Laura Weil’s connections to the Saratoga Farmers’ Market and to being a professional chef trace all the way back to her childhood, “My parents live in the area and the Saratoga Market was and is their favorite. I started cooking by peeling that first potato, and I was hooked. My mother wasn’t so strict in the kitchen, and it wasn’t long before I was cooking many dinners for my parents and sister.”
Today Laura, through her company Funky Fresh Foods, is a vendor at the Market, offering popular fruit smoothies, and over a dozen homemade burritos, including breakfast, bean and rice, pulled pork and vegetable combination burritos topped with homemade red or green salsas.
The journey, from those childhood visits to the Market to running her own business at the Market, spans the Atlantic Ocean, a few different countries, and a variety of cooking experiences. When she took a break from college and her courses in literature and culture, she went to London with a work visa, and soon was preparing elaborate dinners for friends, and always taking photos through bakery windows and of prepared plates of food, and collecting restaurant menus.
After having various jobs including working in a toy store, she secured her first paid job as a cook on an estate in Wales. “I cooked for a Dowager Viscountess where life on the estate truly looked a lot like Downton Abbey. I even wore a uniform. I’ve always been fascinated by classic British culture and the job fit in nicely. I learned how to make traditional high society British and European food, such as cheese straws, roasted potatoes and pates, in a kitchen fitted with plate warmers and AGA ranges.”
When Laura and her husband Paul (whom she had met in that toy store) returned to the United States, she worked at Shades of Green, a vegetarian restaurant in Albany. “The menu was conceived by the wife who was from Spain and was a fantastic cook. I learned a lot about cooking from her and her husband. And since I had been a vegetarian and interested in health food since before high school it was a great job for me. “
However, the restaurant scene, with the late dinner hours was not for Laura, so she migrated to some office jobs, while taking a variety of cooking classes. Later she baked for Chabad of Saratoga, and with Paul ran a health food store in Ballston Spa where she did all the cooking.
“After we left the health food store, I realized that I was very much missing being around all of the healthy produce.” They returned to the Saratoga Farmers Market and for several years worked for the Kilpatrick Family Farm.
During that time, Laura began to plan for her own food business, “What I really missed doing was cooking and I decided to open my own prepared food business at the Market using as many great market products as possible. A friend suggested that I make homemade burritos, which I had also been thinking about for a while because I learned so much from the Spanish restaurant owner in Albany.”

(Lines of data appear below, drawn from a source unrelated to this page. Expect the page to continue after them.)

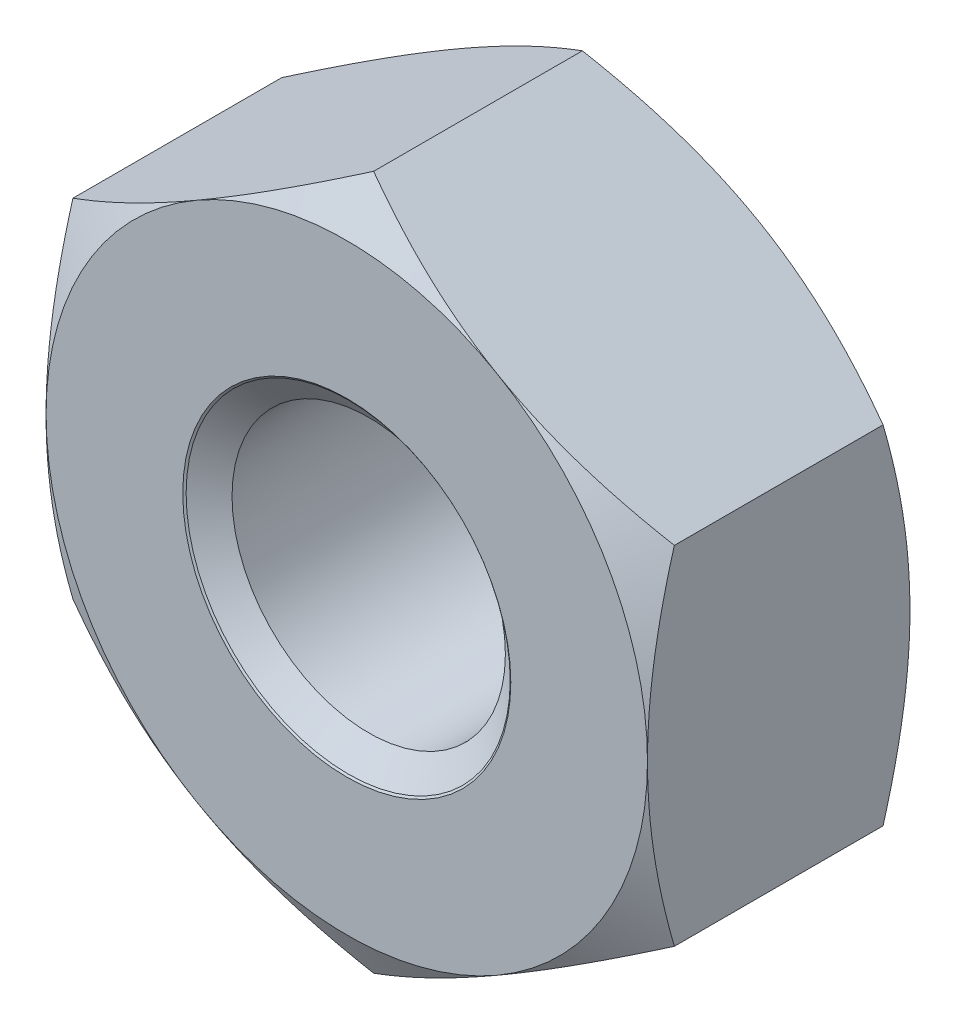
ISO-10303-21;
HEADER;
FILE_DESCRIPTION(('STEP AP214'),'2;1');
FILE_NAME('part.step','',(''),(''),'','','');
FILE_SCHEMA(('AUTOMOTIVE_DESIGN { 1 0 10303 214 1 1 1 1 }'));
ENDSEC;
DATA;
#1=APPLICATION_CONTEXT('core data for automotive mechanical design processes');
#2=APPLICATION_PROTOCOL_DEFINITION('international standard','automotive_design',2000,#1);
#3=PRODUCT_CONTEXT('',#1,'mechanical');
#4=PRODUCT('Part','Part','',(#3));
#5=PRODUCT_RELATED_PRODUCT_CATEGORY('part','',(#4));
#6=PRODUCT_DEFINITION_FORMATION('','',#4);
#7=PRODUCT_DEFINITION_CONTEXT('part definition',#1,'design');
#8=PRODUCT_DEFINITION('design','',#6,#7);
#9=PRODUCT_DEFINITION_SHAPE('','',#8);
#10=(LENGTH_UNIT() NAMED_UNIT(*) SI_UNIT(.MILLI.,.METRE.));
#11=(NAMED_UNIT(*) PLANE_ANGLE_UNIT() SI_UNIT($,.RADIAN.));
#12=(NAMED_UNIT(*) SI_UNIT($,.STERADIAN.) SOLID_ANGLE_UNIT());
#13=UNCERTAINTY_MEASURE_WITH_UNIT(LENGTH_MEASURE(1.E-05),#10,'distance_accuracy_value','');
#14=(GEOMETRIC_REPRESENTATION_CONTEXT(3) GLOBAL_UNCERTAINTY_ASSIGNED_CONTEXT((#13)) GLOBAL_UNIT_ASSIGNED_CONTEXT((#10,
#11,#12)) REPRESENTATION_CONTEXT('',''));
#15=CARTESIAN_POINT('',(0.,0.,0.));
#16=DIRECTION('',(0.,0.,1.));
#17=DIRECTION('',(1.,0.,0.));
#18=AXIS2_PLACEMENT_3D('',#15,#16,#17);
#19=CARTESIAN_POINT('',(0.,0.,-2.4));
#20=DIRECTION('',(0.,0.,1.));
#21=DIRECTION('',(1.,0.,0.));
#22=AXIS2_PLACEMENT_3D('',#19,#20,#21);
#23=CYLINDRICAL_SURFACE('',#22,1.25);
#24=CARTESIAN_POINT('',(0.,0.,-0.20045188455243));
#25=DIRECTION('',(0.,0.,-1.));
#26=DIRECTION('',(-1.,0.,0.));
#27=AXIS2_PLACEMENT_3D('',#24,#25,#26);
#28=CIRCLE('',#27,1.25);
#29=CARTESIAN_POINT('',(-1.25,0.,-0.20045188455243));
#30=VERTEX_POINT('',#29);
#31=EDGE_CURVE('E303',#30,#30,#28,.T.);
#32=ORIENTED_EDGE('',*,*,#31,.F.);
#33=EDGE_LOOP('',(#32));
#34=FACE_BOUND('',#33,.T.);
#35=CARTESIAN_POINT('',(0.,0.,-2.19954811544757));
#36=DIRECTION('',(0.,0.,-1.));
#37=DIRECTION('',(-1.,0.,0.));
#38=AXIS2_PLACEMENT_3D('',#35,#36,#37);
#39=CIRCLE('',#38,1.25);
#40=CARTESIAN_POINT('',(-1.25,0.,-2.19954811544757));
#41=VERTEX_POINT('',#40);
#42=EDGE_CURVE('E173',#41,#41,#39,.F.);
#43=ORIENTED_EDGE('',*,*,#42,.F.);
#44=EDGE_LOOP('',(#43));
#45=FACE_BOUND('',#44,.T.);
#46=ADVANCED_FACE('F30',(#34,#45),#23,.F.);
#47=CARTESIAN_POINT('',(-5.5,0.,-2.4));
#48=DIRECTION('',(0.,0.,1.));
#49=DIRECTION('',(1.,0.,0.));
#50=AXIS2_PLACEMENT_3D('',#47,#48,#49);
#51=PLANE('',#50);
#52=CARTESIAN_POINT('',(0.,0.,-2.4));
#53=DIRECTION('',(0.,0.,1.));
#54=DIRECTION('',(1.,0.,0.));
#55=AXIS2_PLACEMENT_3D('',#52,#53,#54);
#56=CIRCLE('',#55,2.75);
#57=CARTESIAN_POINT('',(2.75,0.,-2.4));
#58=VERTEX_POINT('',#57);
#59=CARTESIAN_POINT('',(1.375,2.38156986040721,-2.4));
#60=VERTEX_POINT('',#59);
#61=EDGE_CURVE('E240',#58,#60,#56,.T.);
#62=ORIENTED_EDGE('',*,*,#61,.F.);
#63=CARTESIAN_POINT('',(0.,0.,-2.4));
#64=DIRECTION('',(0.,0.,1.));
#65=DIRECTION('',(1.,0.,0.));
#66=AXIS2_PLACEMENT_3D('',#63,#64,#65);
#67=CIRCLE('',#66,2.75);
#68=CARTESIAN_POINT('',(1.375,-2.38156986040721,-2.4));
#69=VERTEX_POINT('',#68);
#70=EDGE_CURVE('E165',#58,#69,#67,.F.);
#71=ORIENTED_EDGE('',*,*,#70,.T.);
#72=CARTESIAN_POINT('',(-1.375,-2.38156986040721,-2.4));
#73=VERTEX_POINT('',#72);
#74=EDGE_CURVE('E167',#69,#73,#67,.F.);
#75=ORIENTED_EDGE('',*,*,#74,.T.);
#76=CARTESIAN_POINT('',(-2.75,0.,-2.4));
#77=VERTEX_POINT('',#76);
#78=EDGE_CURVE('E535',#73,#77,#67,.F.);
#79=ORIENTED_EDGE('',*,*,#78,.T.);
#80=CARTESIAN_POINT('',(-1.375,2.38156986040721,-2.4));
#81=VERTEX_POINT('',#80);
#82=EDGE_CURVE('E537',#77,#81,#67,.F.);
#83=ORIENTED_EDGE('',*,*,#82,.T.);
#84=EDGE_CURVE('E149',#81,#60,#67,.F.);
#85=ORIENTED_EDGE('',*,*,#84,.T.);
#86=EDGE_LOOP('',(#62,#71,#75,#79,#83,#85));
#87=FACE_BOUND('',#86,.T.);
#88=CARTESIAN_POINT('',(0.,0.,-2.4));
#89=DIRECTION('',(0.,0.,1.));
#90=DIRECTION('',(1.,0.,0.));
#91=AXIS2_PLACEMENT_3D('',#88,#89,#90);
#92=CIRCLE('',#91,1.5);
#93=CARTESIAN_POINT('',(1.5,0.,-2.4));
#94=VERTEX_POINT('',#93);
#95=EDGE_CURVE('E171',#94,#94,#92,.F.);
#96=ORIENTED_EDGE('',*,*,#95,.F.);
#97=EDGE_LOOP('',(#96));
#98=FACE_BOUND('',#97,.T.);
#99=ADVANCED_FACE('F292',(#87,#98),#51,.F.);
#100=CARTESIAN_POINT('',(-5.5,0.,0.));
#101=DIRECTION('',(0.,0.,1.));
#102=DIRECTION('',(1.,0.,0.));
#103=AXIS2_PLACEMENT_3D('',#100,#101,#102);
#104=PLANE('',#103);
#105=CARTESIAN_POINT('',(0.,0.,0.));
#106=DIRECTION('',(0.,0.,1.));
#107=DIRECTION('',(1.,0.,0.));
#108=AXIS2_PLACEMENT_3D('',#105,#106,#107);
#109=CIRCLE('',#108,2.75);
#110=CARTESIAN_POINT('',(1.375,-2.38156986040721,0.));
#111=VERTEX_POINT('',#110);
#112=CARTESIAN_POINT('',(2.75,0.,0.));
#113=VERTEX_POINT('',#112);
#114=EDGE_CURVE('E42',#111,#113,#109,.T.);
#115=ORIENTED_EDGE('',*,*,#114,.T.);
#116=CARTESIAN_POINT('',(0.,0.,0.));
#117=DIRECTION('',(0.,0.,1.));
#118=DIRECTION('',(1.,0.,0.));
#119=AXIS2_PLACEMENT_3D('',#116,#117,#118);
#120=CIRCLE('',#119,2.75);
#121=CARTESIAN_POINT('',(1.375,2.38156986040721,0.));
#122=VERTEX_POINT('',#121);
#123=EDGE_CURVE('E49',#113,#122,#120,.T.);
#124=ORIENTED_EDGE('',*,*,#123,.T.);
#125=CARTESIAN_POINT('',(-1.375,2.38156986040721,0.));
#126=VERTEX_POINT('',#125);
#127=EDGE_CURVE('E11',#122,#126,#109,.T.);
#128=ORIENTED_EDGE('',*,*,#127,.T.);
#129=CARTESIAN_POINT('',(-2.75,0.,0.));
#130=VERTEX_POINT('',#129);
#131=EDGE_CURVE('E40',#126,#130,#109,.T.);
#132=ORIENTED_EDGE('',*,*,#131,.T.);
#133=CARTESIAN_POINT('',(-1.375,-2.38156986040721,0.));
#134=VERTEX_POINT('',#133);
#135=EDGE_CURVE('E512',#130,#134,#109,.T.);
#136=ORIENTED_EDGE('',*,*,#135,.T.);
#137=EDGE_CURVE('E170',#134,#111,#109,.T.);
#138=ORIENTED_EDGE('',*,*,#137,.T.);
#139=EDGE_LOOP('',(#115,#124,#128,#132,#136,#138));
#140=FACE_BOUND('',#139,.T.);
#141=CARTESIAN_POINT('',(0.,0.,0.));
#142=DIRECTION('',(0.,0.,1.));
#143=DIRECTION('',(1.,0.,0.));
#144=AXIS2_PLACEMENT_3D('',#141,#142,#143);
#145=CIRCLE('',#144,1.5);
#146=CARTESIAN_POINT('',(1.5,0.,0.));
#147=VERTEX_POINT('',#146);
#148=EDGE_CURVE('E176',#147,#147,#145,.T.);
#149=ORIENTED_EDGE('',*,*,#148,.F.);
#150=EDGE_LOOP('',(#149));
#151=FACE_BOUND('',#150,.T.);
#152=ADVANCED_FACE('F245',(#140,#151),#104,.T.);
#153=CARTESIAN_POINT('',(0.,3.17542648054294,-2.4));
#154=DIRECTION('',(-0.5,0.866025403784438,0.));
#155=DIRECTION('',(-0.866025403784438,-0.500000000000001,0.));
#156=AXIS2_PLACEMENT_3D('',#153,#154,#155);
#157=PLANE('',#156);
#158=DIRECTION('',(0.,0.,1.));
#159=VECTOR('',#158,1.);
#160=CARTESIAN_POINT('',(-2.75,1.58771324027147,-2.4));
#161=LINE('',#160,#159);
#162=CARTESIAN_POINT('',(-2.75,1.58771324027147,-2.15437990693814));
#163=VERTEX_POINT('',#162);
#164=CARTESIAN_POINT('',(-2.75,1.58771324027147,-0.245620093061863));
#165=VERTEX_POINT('',#164);
#166=EDGE_CURVE('E161',#163,#165,#161,.T.);
#167=ORIENTED_EDGE('',*,*,#166,.T.);
#168=CARTESIAN_POINT('',(-2.7502,1.58759777021763,-0.245686763364761));
#169=CARTESIAN_POINT('',(-2.62935077934009,1.65737010029699,-0.205387662249264));
#170=CARTESIAN_POINT('',(-2.50745839737737,1.72774469983533,-0.168736902597662));
#171=CARTESIAN_POINT('',(-2.26156287327211,1.86971254687003,-0.104762182969801));
#172=CARTESIAN_POINT('',(-2.13755536142614,1.94130831721583,-0.0774608556744972));
#173=CARTESIAN_POINT('',(-1.89107720202406,2.08361254889599,-0.0349617452941165));
#174=CARTESIAN_POINT('',(-1.76864448141258,2.15429911309864,-0.0194811186224574));
#175=CARTESIAN_POINT('',(-1.52320285763108,2.29600490065923,-0.00099939736994006));
#176=CARTESIAN_POINT('',(-1.40019484676709,2.36702360884404,0.00201700053740068));
#177=CARTESIAN_POINT('',(-1.17034121338921,2.49972966594897,-0.00425314542854645));
#178=CARTESIAN_POINT('',(-1.06346120874598,2.56143686540073,-0.0120001542767022));
#179=CARTESIAN_POINT('',(-0.85039753266525,2.68444923614047,-0.0365551810643549));
#180=CARTESIAN_POINT('',(-0.74421459835111,2.74575398185008,-0.0533715896505705));
#181=CARTESIAN_POINT('',(-0.530711510606816,2.86902004703206,-0.0954119223459568));
#182=CARTESIAN_POINT('',(-0.423418383857145,2.93096576264318,-0.120814080687231));
#183=CARTESIAN_POINT('',(-0.210432520715949,3.05393320806134,-0.178467225839983));
#184=CARTESIAN_POINT('',(-0.104737054973347,3.11495651365995,-0.210704663298984));
#185=CARTESIAN_POINT('',(0.000200000000000215,3.17554195059678,-0.245686763364762));
#186=B_SPLINE_CURVE_WITH_KNOTS('',3,(#168,#169,#170,#171,#172,#173,#174,#175,#176,#177,#178,
#179,#180,#181,#182,#183,#184,#185),.UNSPECIFIED.,.F.,.F.,(4,2,2,2,2,2,2,2,4),(0.,
0.435912828725889,0.872873557116333,1.29901931904672,1.72464171213574,2.09526089052938,
2.46622354066374,2.84541551798557,3.22386274754525),.UNSPECIFIED.);
#187=EDGE_CURVE('E57',#165,#126,#186,.T.);
#188=ORIENTED_EDGE('',*,*,#187,.T.);
#189=CARTESIAN_POINT('',(0.,3.17542648054294,-0.245620093061864));
#190=VERTEX_POINT('',#189);
#191=EDGE_CURVE('E234',#126,#190,#186,.T.);
#192=ORIENTED_EDGE('',*,*,#191,.T.);
#193=DIRECTION('',(0.,0.,1.));
#194=VECTOR('',#193,1.);
#195=CARTESIAN_POINT('',(0.,3.17542648054294,-2.4));
#196=LINE('',#195,#194);
#197=CARTESIAN_POINT('',(0.,3.17542648054294,-2.15437990693814));
#198=VERTEX_POINT('',#197);
#199=EDGE_CURVE('E146',#198,#190,#196,.T.);
#200=ORIENTED_EDGE('',*,*,#199,.F.);
#201=CARTESIAN_POINT('',(-2.7502,1.58759777021763,-2.15431323663524));
#202=CARTESIAN_POINT('',(-2.62935077934009,1.65737010029698,-2.19461233775074));
#203=CARTESIAN_POINT('',(-2.50745839737737,1.72774469983533,-2.23126309740234));
#204=CARTESIAN_POINT('',(-2.26156287327211,1.86971254687003,-2.2952378170302));
#205=CARTESIAN_POINT('',(-2.13755536142614,1.94130831721583,-2.3225391443255));
#206=CARTESIAN_POINT('',(-1.89107720202406,2.08361254889599,-2.36503825470588));
#207=CARTESIAN_POINT('',(-1.76864448141258,2.15429911309864,-2.38051888137754));
#208=CARTESIAN_POINT('',(-1.52320285763108,2.29600490065923,-2.39900060263006));
#209=CARTESIAN_POINT('',(-1.40019484676709,2.36702360884404,-2.4020170005374));
#210=CARTESIAN_POINT('',(-1.17034121338921,2.49972966594897,-2.39574685457145));
#211=CARTESIAN_POINT('',(-1.06346120874598,2.56143686540073,-2.3879998457233));
#212=CARTESIAN_POINT('',(-0.85039753266525,2.68444923614047,-2.36344481893564));
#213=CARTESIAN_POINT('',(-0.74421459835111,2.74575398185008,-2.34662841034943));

Funky Fresh Foods is now a year-round fixture at the Saturday Market. Laura makes her own tortillas and salsas, and uses items for the burritos from other vendors at the Market, including potatoes, eggs, yogurt, honey and various vegetables. Although she had been a vegetarian for many years, “I started eating meat again after seeing the quality humanely raised meat at the Market,” So she added pulled pork burritos with Pucker’s pickles on the side to her offerings. For the smoothies, she uses fruits from the Market when possible or purchased fruits such as the popular mango.
Customers can order flour or corn tortillas in advance from Laura to pick up the following week at the Market. This summer she also plans to offer her salsas for sale. She does catering and makes specialty cakes, emphasizing ingredients from the Saratoga Farmers’ Market. To make inquiries or to place an order, see Laura at the Market
Laura is fond of her Czechoslovakian grandmother Rosemary, who was stricter in the kitchen than was her mother. “I can still remember the joy I felt when I was allowed to peel my first potato. She made a variety of authentic, delicious Czech food, and she made the following recipe all the time. It is one of her favorites and it is one of ours.”
Lekvarove Sukrove (Slovak Prune Jelly Cake)
Ingredients
¾ cup good butter (Laura suggests Kate’s unsalted butter from Maine)
1 cup sugar
4 egg yolks *
¼-½ cup Battenkill Valley Creamery heavy cream or half and half *
2 tsp. baking powder
2½ cups flour (may need a bit more)
¼ tsp. salt
1 tsp. vanilla
Jam, about 1 cup * (Laura’s Grandma used lekvar, prune jam, which is much better than it sounds. But any thick homemade or Farmers’ Market jam will do, such as raspberry or strawberry jam.)
Instructions
Grease and flour a 13-inch square pan, such as would be used to make large batch of brownies. Preheat the oven to 350°F.
Cream the butter and sugar, then add the egg yolks and mix well.
Mix the flour, baking powder, and salt together.
Add this to the egg mixture along with the vanilla.
Mix gently but well with a spoon and stir in the cream. The dough will be a little thick. (Set aside some of the dough to make decorative strips for the top of the cake.)
Press the dough into the bottom of the pan, and about 1½ up the sides.
Spread a thick layer of jam over the top of the dough and place the reserved dough strips over the jam in a crisscross pattern.
Bake at 350°F for about half an hour. When the cake is cool, sprinkle with powdered sugar.